Operating on a file at a high level means that you are using the file at
a high level of abstraction. (See Introduction, to refresh your
memory about the distinction between high and low levels of
abstraction.) Using high-level functions is usually safer and more
convenient than using low-level functions, so we will mostly concern
ourselves with high-level functions in this chapter, although we will
touch on some low-level functions toward the end.
A high-level connection opened to a file is called a stream. A
low-level connection to a file is called a file descriptor.
Streams and file descriptors have different data types, as we shall see.
You must pass either a stream or a file descriptor to most input/output
functions, to tell them which file they are operating on. Certain
functions (usually high-level ones) expect to be passed streams, while
others (usually low-level ones) expect file descriptors. A few
functions will accept a simple filename instead of a stream or file
descriptor, but generally these are only the functions that initialize
streams or file descriptors in the first place.
You may consider it a nuisance to have to use a stream or a file
descriptor to access your file when a simple file name would seem to
suffice, but these two mechanisms allow a level of abstraction to exist
between your code and your files. Remember the "black box" analogy we
explored at the beginning of the book.
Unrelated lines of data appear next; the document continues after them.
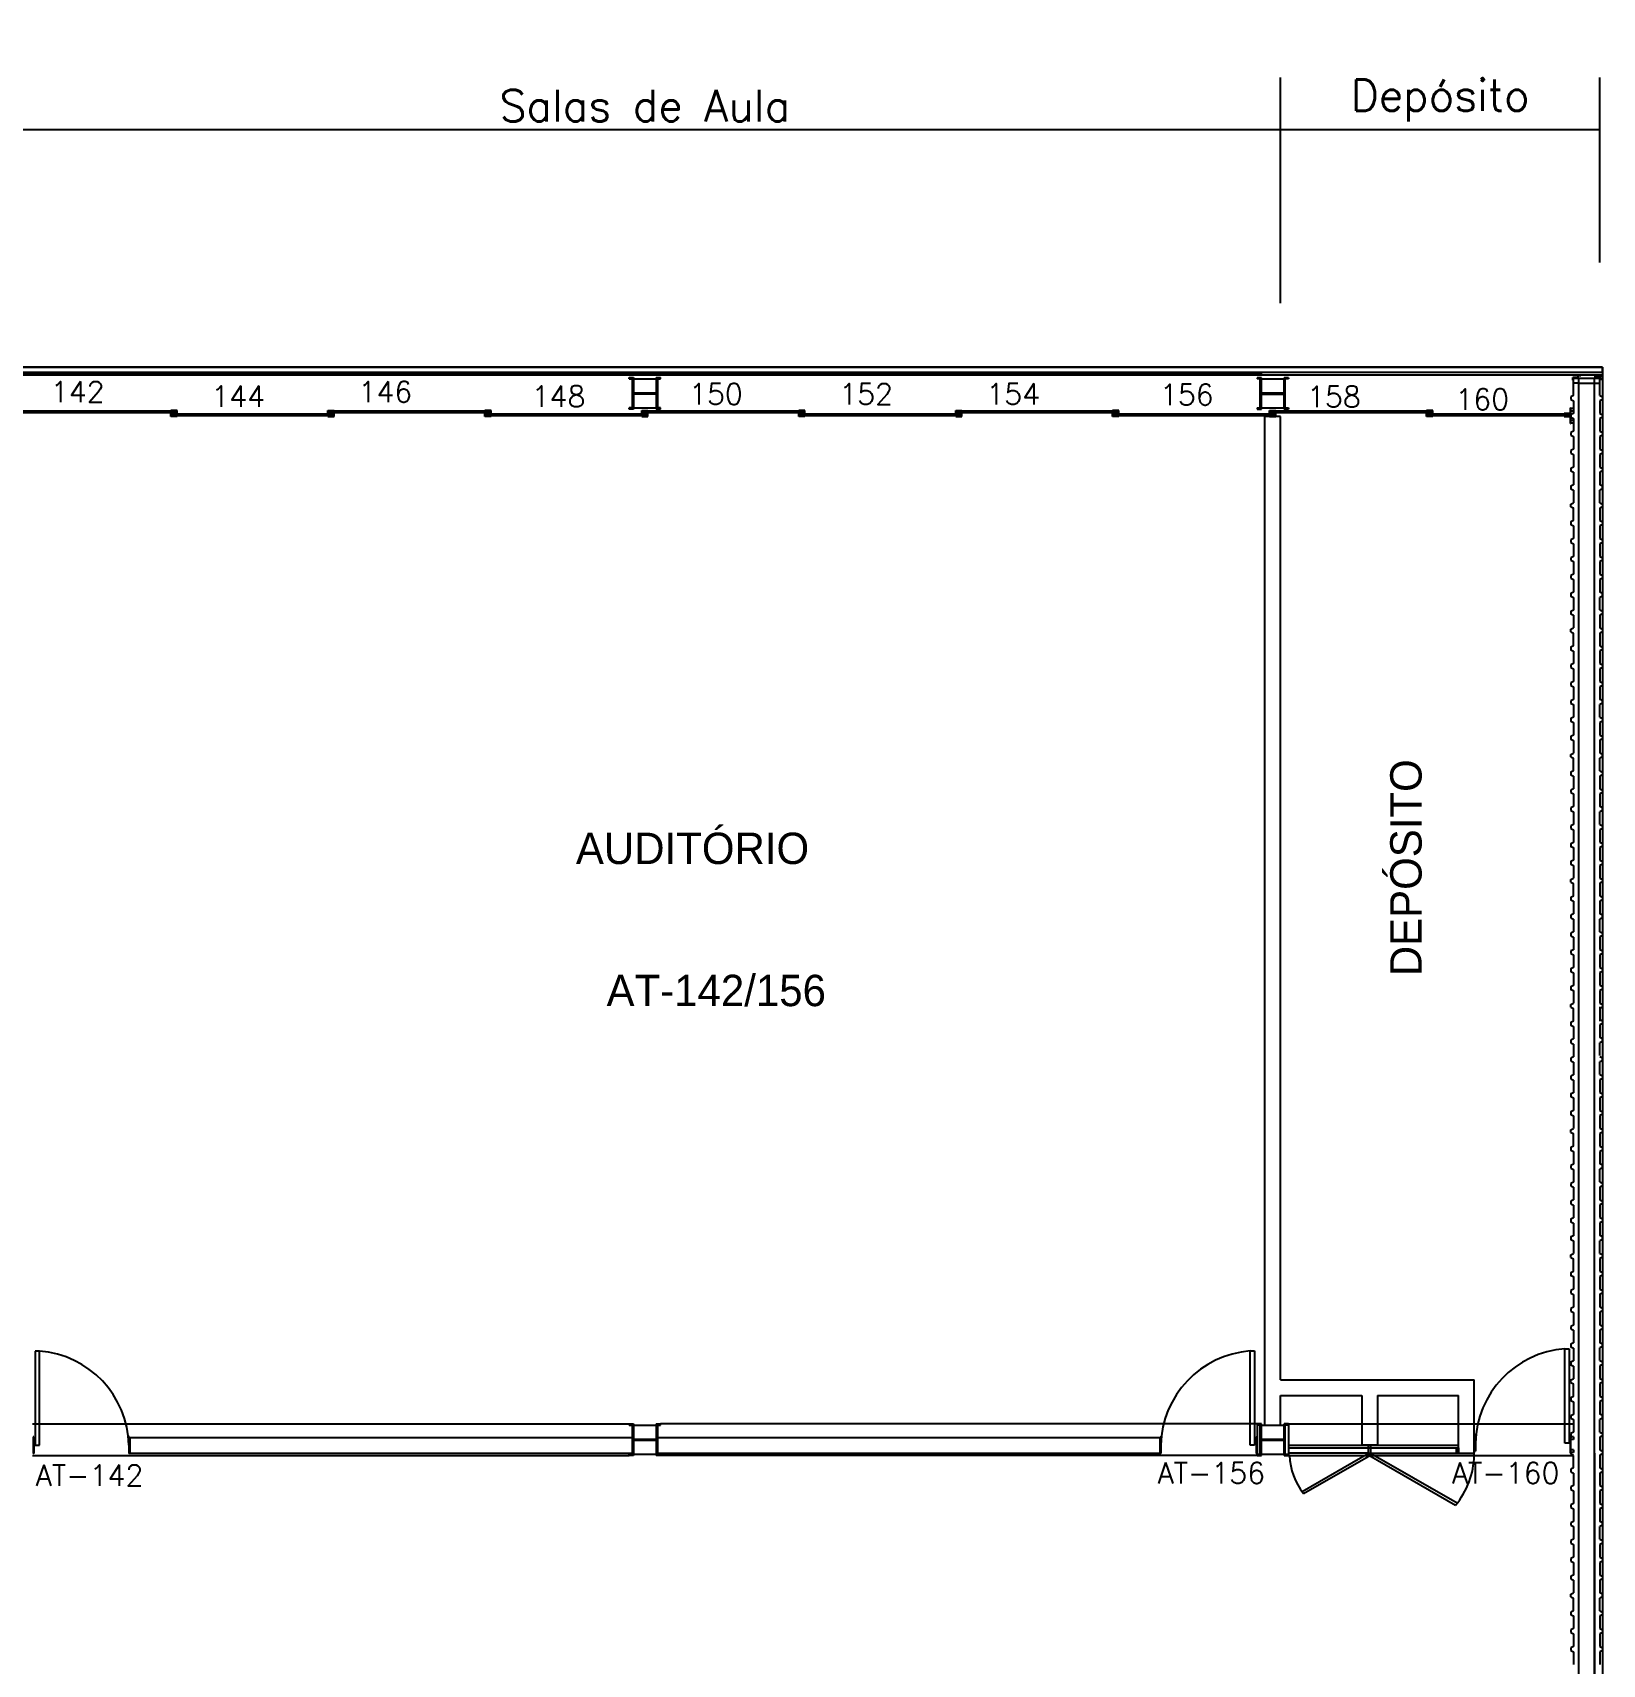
# Model space of a CAD drawing. Header units: millimetres. Extents: x 3509 to 3629, y 975 to 1006.
# Drawn here: x 3614.16 to 3629.16, y 990.36 to 1005.95 of the extents above; entities that cross this region are included whole.
import ezdxf
from ezdxf.enums import TextEntityAlignment as Align

# ---------------------------------------------------------------- set-up
doc = ezdxf.new("R2010")
doc.units = ezdxf.units.MM
for name, color, linetype in [('3', 2, 'Continuous'), ('ENDEREÇO', 2, 'Continuous'), ('MATRIZ', 2, 'Continuous'), ('MATRIZ-1', 1, 'Continuous'), ('NMOD', 2, 'Continuous'), ('TEXTO-CENTRO-CUSTO', 2, 'Continuous')]:
    doc.layers.add(name, color=color, linetype=linetype)
doc.styles.add('FONTE', font='FONTE.shx', dxfattribs={"height": 0.4})
doc.styles.add('ROMANS', font='simplex.shx', dxfattribs={"height": 0.3})
doc.styles.add('UNB-100', font='simplex.shx', dxfattribs={"height": 0.2})
doc.dimstyles.new('1', dxfattribs={"dimtxt": 0.3, "dimasz": 0.18, "dimexe": 0.5, "dimexo": 1, "dimgap": 0.08, "dimtad": 1, "dimdec": 4, "dimzin": 12, "dimdsep": 46, "dimtxsty": 'ROMANS', "dimblk1": 'NONE', "dimblk2": 'NONE', "dimsah": 1, "dimcen": 0, "dimclrd": 2, "dimclre": 2, "dimclrt": 2, "dimadec": 0, "dimazin": 0, "dimtfac": 1, "dimtdec": 4, "dimtofl": 0, "dimtmove": 2, "dimatfit": 3, "dimldrblk": 'NONE', "dimfxl": 1, "dimtolj": 1, "dimtzin": 4, "dimarcsym": 0})

# ---------------------------------------------------------------- blocks, each defined once
blk = doc.blocks.new('*D25')
at = {"layer": 'DEFPOINTS', "color": 0, "linetype": 'Continuous', "transparency": 16777216}
for p in [(3626.081, 1005.023), (3626.081, 1002.753), (3629.13, 1002.753)]:
    blk.add_point(p, dxfattribs=at)
at = {"layer": 'TEXTO-CENTRO-CUSTO', "color": 2, "linetype": 'Continuous', "lineweight": -2, "transparency": 16777216}
for p, q in [((3626.081, 1003.753), (3626.081, 1005.523)), ((3629.13, 1003.753), (3629.13, 1005.523)), ((3629.13, 1005.023), (3626.081, 1005.023))]:
    blk.add_line(p, q, dxfattribs=at)
at = {"layer": 'TEXTO-CENTRO-CUSTO', "color": 2, "linetype": 'Continuous', "transparency": 16777216, "insert": (3627.605, 1005.303), "char_height": 0.3, "attachment_point": 5, "style": 'ROMANS'}
blk.add_mtext('\\A1;\\C256;Depósito', dxfattribs=at)
blk = doc.blocks.new('_NONE')
at = {"color": 0, "linetype": 'ByBlock'}
blk.add_circle((0, 0), 0.25, dxfattribs=at)
blk = doc.blocks.new('*D31')
at = {"layer": 'DEFPOINTS', "color": 0, "transparency": 16777216}
for p in [(3613.931, 1005.023), (3613.931, 1002.366), (3626.081, 1002.366)]:
    blk.add_point(p, dxfattribs=at)
at = {"layer": 'TEXTO-CENTRO-CUSTO', "color": 2, "lineweight": -2, "transparency": 16777216}
for p, q in [((3613.931, 1003.366), (3613.931, 1005.523)), ((3626.081, 1003.366), (3626.081, 1005.523)), ((3626.081, 1005.023), (3613.931, 1005.023))]:
    blk.add_line(p, q, dxfattribs=at)
at = {"layer": 'TEXTO-CENTRO-CUSTO', "color": 2, "transparency": 16777216, "insert": (3620.006, 1005.253), "char_height": 0.3, "attachment_point": 5, "style": 'ROMANS'}
blk.add_mtext('\\A1;Salas de Aula', dxfattribs=at)

msp = doc.modelspace()

# ---------------------------------------------------------------- linework, layer by layer
msp.add_lwpolyline([(3508.85567, 1002.75329), (3629.15508, 1002.75329), (3629.15508, 978.25329), (3508.85567, 978.25329)], close=True)
at = {"layer": 'MATRIZ'}
for p, q in [((3625.93067, 992.64129), (3625.93067, 1002.28096)), ((3626.08067, 1002.28096), (3625.93067, 1002.28096)), ((3626.08067, 993.07572), (3626.08067, 1002.28096)), ((3628.85508, 1002.29992), (3628.85508, 1002.27492)), ((3614.2212, 993.35001), (3614.1812, 993.35001)), ((3614.1812, 993.35001), (3614.1812, 992.45001)), ((3614.2212, 992.45001), (3614.2212, 993.35001)), ((3625.79014, 993.35081), (3625.83014, 993.35081)), ((3625.79014, 992.45081), (3625.79014, 993.35081)), ((3625.83014, 993.35081), (3625.83014, 992.45081)), ((3628.79704, 993.3714), (3628.83704, 993.3714)), ((3628.79704, 992.4714), (3628.79704, 993.3714)), ((3628.83704, 993.3714), (3628.83704, 992.4714)), ((3626.08067, 993.07572), (3627.93077, 993.07572)), ((3627.93077, 992.35329), (3627.93077, 993.07572)), ((3626.08067, 992.92572), (3626.85572, 992.92572)), ((3626.08067, 992.64129), (3626.08067, 992.92572)), ((3626.85572, 992.92572), (3626.85572, 992.45075)), ((3627.00572, 992.92572), (3627.78077, 992.92572)), ((3627.00572, 992.92572), (3627.00572, 992.45074)), ((3627.78077, 992.37572), (3627.78077, 992.92572)), ((3619.85567, 992.64129), (3619.85567, 992.65329)), ((3619.85567, 992.65329), (3619.89767, 992.65329)), ((3619.89767, 992.65329), (3619.89767, 992.35329)), ((3620.11367, 992.65329), (3620.15567, 992.65329)), ((3620.11367, 992.65329), (3620.11367, 992.35329)), ((3620.15567, 992.64129), (3620.15567, 992.65329)), ((3625.89767, 992.65329), (3625.85567, 992.65329)), ((3625.85567, 992.65329), (3625.85567, 992.64129)), ((3625.89767, 992.35329), (3625.89767, 992.65329)), ((3626.11367, 992.35329), (3626.11367, 992.65329)), ((3626.15567, 992.65329), (3626.11367, 992.65329)), ((3626.15567, 992.65329), (3626.15567, 992.64129)), ((3614.16567, 992.53044), (3614.16067, 992.53044)), ((3614.16067, 992.53044), (3614.16067, 992.37044)), ((3614.16567, 992.53044), (3614.16567, 992.37044)), ((3615.08057, 992.53044), (3615.07557, 992.53044)), ((3615.07557, 992.53044), (3615.07557, 992.37044)), ((3615.08057, 992.53044), (3615.08057, 992.37044)), ((3615.08557, 992.52495), (3619.88567, 992.52495)), ((3615.08557, 992.52495), (3615.08557, 992.37495)), ((3619.85567, 992.64129), (3619.88567, 992.64129)), ((3619.88567, 992.64129), (3619.88567, 992.36529)), ((3619.89767, 992.64129), (3620.11367, 992.64129)), ((3619.89767, 992.50929), (3620.11367, 992.50929)), ((3619.89767, 992.49729), (3620.11367, 992.49729)), ((3620.12567, 992.64129), (3620.12567, 992.36529)), ((3620.12567, 992.64129), (3620.15567, 992.64129)), ((3620.12567, 992.52495), (3624.92577, 992.52495)), ((3624.92577, 992.52495), (3624.92577, 992.37495)), ((3624.93077, 992.53124), (3624.93577, 992.53124)), ((3624.93077, 992.53124), (3624.93077, 992.37124)), ((3624.93577, 992.53124), (3624.93577, 992.37124)), ((3625.84567, 992.53124), (3625.85067, 992.53124)), ((3625.84567, 992.53124), (3625.84567, 992.37124)), ((3625.85067, 992.53124), (3625.85067, 992.37124)), ((3625.88567, 992.64129), (3625.85567, 992.64129)), ((3625.85567, 992.64129), (3625.85567, 992.36529)), ((3625.88567, 992.36529), (3625.88567, 992.64129)), ((3625.89767, 992.64129), (3626.11367, 992.64129)), ((3625.89767, 992.50929), (3626.11367, 992.50929)), ((3625.89767, 992.49729), (3626.11367, 992.49729)), ((3626.12567, 992.36529), (3626.12567, 992.64129)), ((3626.15567, 992.64129), (3626.12567, 992.64129)), ((3626.15567, 992.64129), (3626.15567, 992.36529)), ((3627.93767, 992.55182), (3627.93767, 992.39182)), ((3627.93767, 992.55182), (3627.94267, 992.55182)), ((3627.94267, 992.55182), (3627.94267, 992.39182)), ((3628.85008, 992.37529), (3628.85008, 992.53529)), ((3628.85008, 992.53529), (3628.85508, 992.53529)), ((3628.85508, 992.53625), (3628.867, 992.53029)), ((3628.85508, 992.37529), (3628.85508, 992.53529)), ((3628.88008, 992.53029), (3628.85508, 992.53029)), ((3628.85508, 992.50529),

By using the data in files only
through streams or file descriptors, we are guaranteed the ability to
write a rich variety of functions that can exploit the behavior of these
two "black box" abstractions.
Interestingly enough, although streams are considered to be for
"high-level" input/output, and file descriptors for "low-level" I/O,
and GNU systems support both, more Unix-like systems support streams
than file descriptors. You can expect any system running ISO C to
support streams, but non-GNU systems may not support file descriptors at
all, or may only implement a subset of the GNU functions that operate on
file descriptors. Most of the file descriptor functions in the GNU
library are included in the POSIX.1 standard, however.
Once you have finished your input and output operations on the file, you
must terminate your connection to it. This is called closing the
file. Once you have closed a file, you cannot read from or write to it
anymore until you open it again.
In summary, to use a file, a program must go through the following routine:
Open the file for reading, writing, or both.
Read from or write to the file as appropriate, using file-handling
functions provided by the GNU C Library.